Scott Fowler

Charlotte Hornets have the sizzle but too often don’t provide the steak

Kemba Walker, left is playing at an All-Star level for the Charlotte Hornets but his team continues to have trouble beating the NBA’s best and playing consistent defense.
Kemba Walker, left is playing at an All-Star level for the Charlotte Hornets but his team continues to have trouble beating the NBA’s best and playing consistent defense. AP

For all the dazzle the Charlotte Hornets can give you this season – and there is a lot of it – they still haven’t done two things that they must to become an elite NBA team.

First: Beat somebody really good.

Second: Play consistent defense.

At 20-17 entering Saturday’s road game at San Antonio, the Hornets have done a number of things right to hold down the fifth spot in the Eastern Conference if the playoffs began today. Kemba Walker should make the All-Star team and has been playing extraordinarily well – the 20 points he scored in the fourth quarter alone Thursday at Detroit almost brought Charlotte back from a 19-point deficit with 10 minutes to go. Marco Belinelli is better than I thought he would be and almost made one of the coolest buzzer-beaters in NBA history Thursday. Cody Zeller continues to get better.

But the Hornets also have given up 115, 112, 118 and 121 points in their past four games. And largely because they don’t lock down enough on defense, they never seem to beat the NBA’s best teams.

Charlotte is 0-6 so far against the best three teams in the East (Cleveland, Toronto and Boston). Another chance for a signature win comes Saturday at San Antonio, but the 29-7 Spurs are very difficult to beat at home. The Hornets are in the midst of a strenuous five-game road trip that also includes games at Houston and Boston.

What we’re looking at right now is an entertaining Hornets team that is going to go out in the first or second round of the NBA playoffs if it can’t improve on defense. The Hornets get beaten off the dribble too often and, despite coach Steve Clifford’s caustic reminders, aren’t physical enough often enough.

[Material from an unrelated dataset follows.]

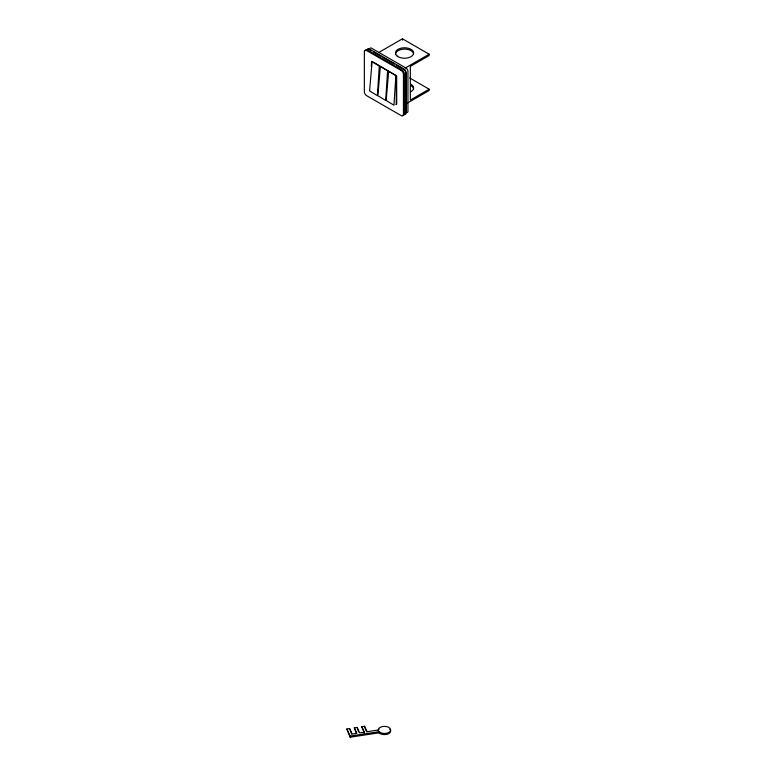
<?xml version="1.0" encoding="UTF-8"?>
<svg xmlns="http://www.w3.org/2000/svg" width="776" height="776" viewBox="0 0 776 776"><rect width="100%" height="100%" fill="white"/><g stroke="black" fill="none" stroke-linecap="round" stroke-linejoin="round"><path stroke-width="1.16" d="M378.62 52.564L402.463 38.8L429.157 54.213L429.157 55.532L410.329 66.397L410.329 100.065L429.157 89.201L429.157 90.52L407.381 103.082M405.315 67.978L429.157 54.213M379.086 732.825L350.131 737.2L346.843 729.003L349.617 728.577L352.168 734.077L356.873 733.349L354.322 727.849L357.096 727.422L359.647 732.913L364.351 732.185L364.351 733.291L361.8 726.695L364.575 726.268L367.126 731.758L378.251 729.935A6.198 3.579 0 0 1 386.584 726.569A6.198 3.579 0 0 1 389.212 732.234A6.198 3.579 0 0 1 379.095 731.71M346.843 729.003L350.131 736.094L379.086 731.72M372.092 61.76L369.57 90.918L377.388 95.642L379.309 65.921M380.376 66.542L377.854 95.71L385.682 100.434L387.602 70.713M388.669 71.324L386.147 100.492L393.965 105.216L395.896 75.495M396.264 104.469L396.264 75.747L371.558 61.488L371.335 66.474M396.041 104.595L396.711 104.207L396.652 75.903L372.014 61.42M369.318 49.489L371.413 50.702M373.508 51.914L380.841 56.144M382.937 57.356L394.47 64.01M396.565 65.223L403.898 69.462A2.541 1.465 60 0 1 405.169 70.8M409.65 77.939L429.157 89.201M365.079 728.47L366.611 731.768M361.8 726.695L364.351 732.185M358.628 731.826L357.096 727.422M356.359 733.349L354.322 727.849M351.654 734.077L349.617 728.577M402.463 38.8L402.463 40.119M379.018 731.622L379.018 732.728M378.281 730.032L378.281 731.137M364.575 726.268L364.575 727.374M350.131 736.094L350.131 737.2M389.843 729.246A6.198 3.579 0 0 1 387.563 734.135A6.198 3.579 0 0 1 379.095 732.816M378.475 730.119A6.198 3.579 0 0 1 379.086 729.256M410.96 85.612A9.079 5.238 0 0 1 413.618 89.318M410.96 84.293A9.079 5.238 0 0 1 410.96 91.704M395.469 54.33A9.079 5.238 0 0 1 404.538 49.092A9.079 5.238 0 0 1 413.618 54.33M367.067 50.265A3.172 1.833 60 0 1 369.318 48.975L403.898 68.938A3.172 1.833 60 0 1 406.149 72.828L406.149 112.763A3.172 1.833 60 0 1 404.48 114.305M365.35 50.682A3.172 1.833 60 0 1 367.523 50.013L402.104 69.976A3.172 1.833 60 0 1 404.354 73.865L404.354 113.8A3.172 1.833 60 0 1 402.686 115.343M406.149 112.248A2.541 1.465 60 0 0 407.943 111.21L407.943 71.276A2.541 1.465 60 0 0 406.149 68.162L371.558 48.19A2.541 1.465 60 0 0 370.006 48.335M405.46 113.403A2.541 1.465 60 0 0 405.693 112.501L405.693 72.566A2.541 1.465 60 0 0 405.46 71.392M405.169 113.665A2.541 1.465 60 0 1 404.8 113.781M368.416 49.247A2.541 1.465 60 0 1 368.852 49.295M401.202 70.5L366.621 50.527A3.172 1.833 60 0 0 364.371 51.827L364.371 91.762A3.172 1.833 60 0 0 366.621 95.652L401.202 115.614A3.172 1.833 60 0 0 403.452 114.324L403.452 74.389A3.172 1.833 60 0 0 401.202 70.5M397.341 56.202A9.079 5.238 0 0 0 412.929 55.018A9.079 5.238 0 0 0 403.355 47.811A9.079 5.238 0 0 0 397.341 56.202"/></g></svg>

This is compounded by the fact Clifford likes to play his highest-scoring lineup in the fourth quarter, which often leaves Michael Kidd-Gilchrist on the bench for long stretches. MKG’s forte is defense – he did an admirable job against Russell Westbrook Wednesday night in a win – but he can’t play it from the pine. And Roy Hibbert is such an offensive liability that his rim protection is usually a non-factor.

On the other hand, the Hornets sure can score. Walker has 99 three-pointers, second-best in the Eastern Conference. And Charlotte’s 44-point fourth quarter against Detroit Thursday was a thing of beauty – it was the most points Charlotte had scored in any quarter this season and came without Nic Batum (hyperextended right knee).

The outburst almost completed a miraculous comeback. Belinelli threw an inbounds pass to himself off a Detroit defender’s back with 0.5 seconds to go and then banked in the ensuing three-pointer. It would have been the NBA’s best buzzer-beater of the year – except for the unfortunate fact it came right after the buzzer.

It was an “almost” play in what has been an “almost” type of season so far. The Hornets are about halfway through the season and aren’t playing badly, but they also aren’t playing that well.

Unlike the Carolina Panthers, the Hornets should make the playoffs this season. But unless they play stronger defense and learn how to beat the big-time teams, they aren’t going to do much when they get there.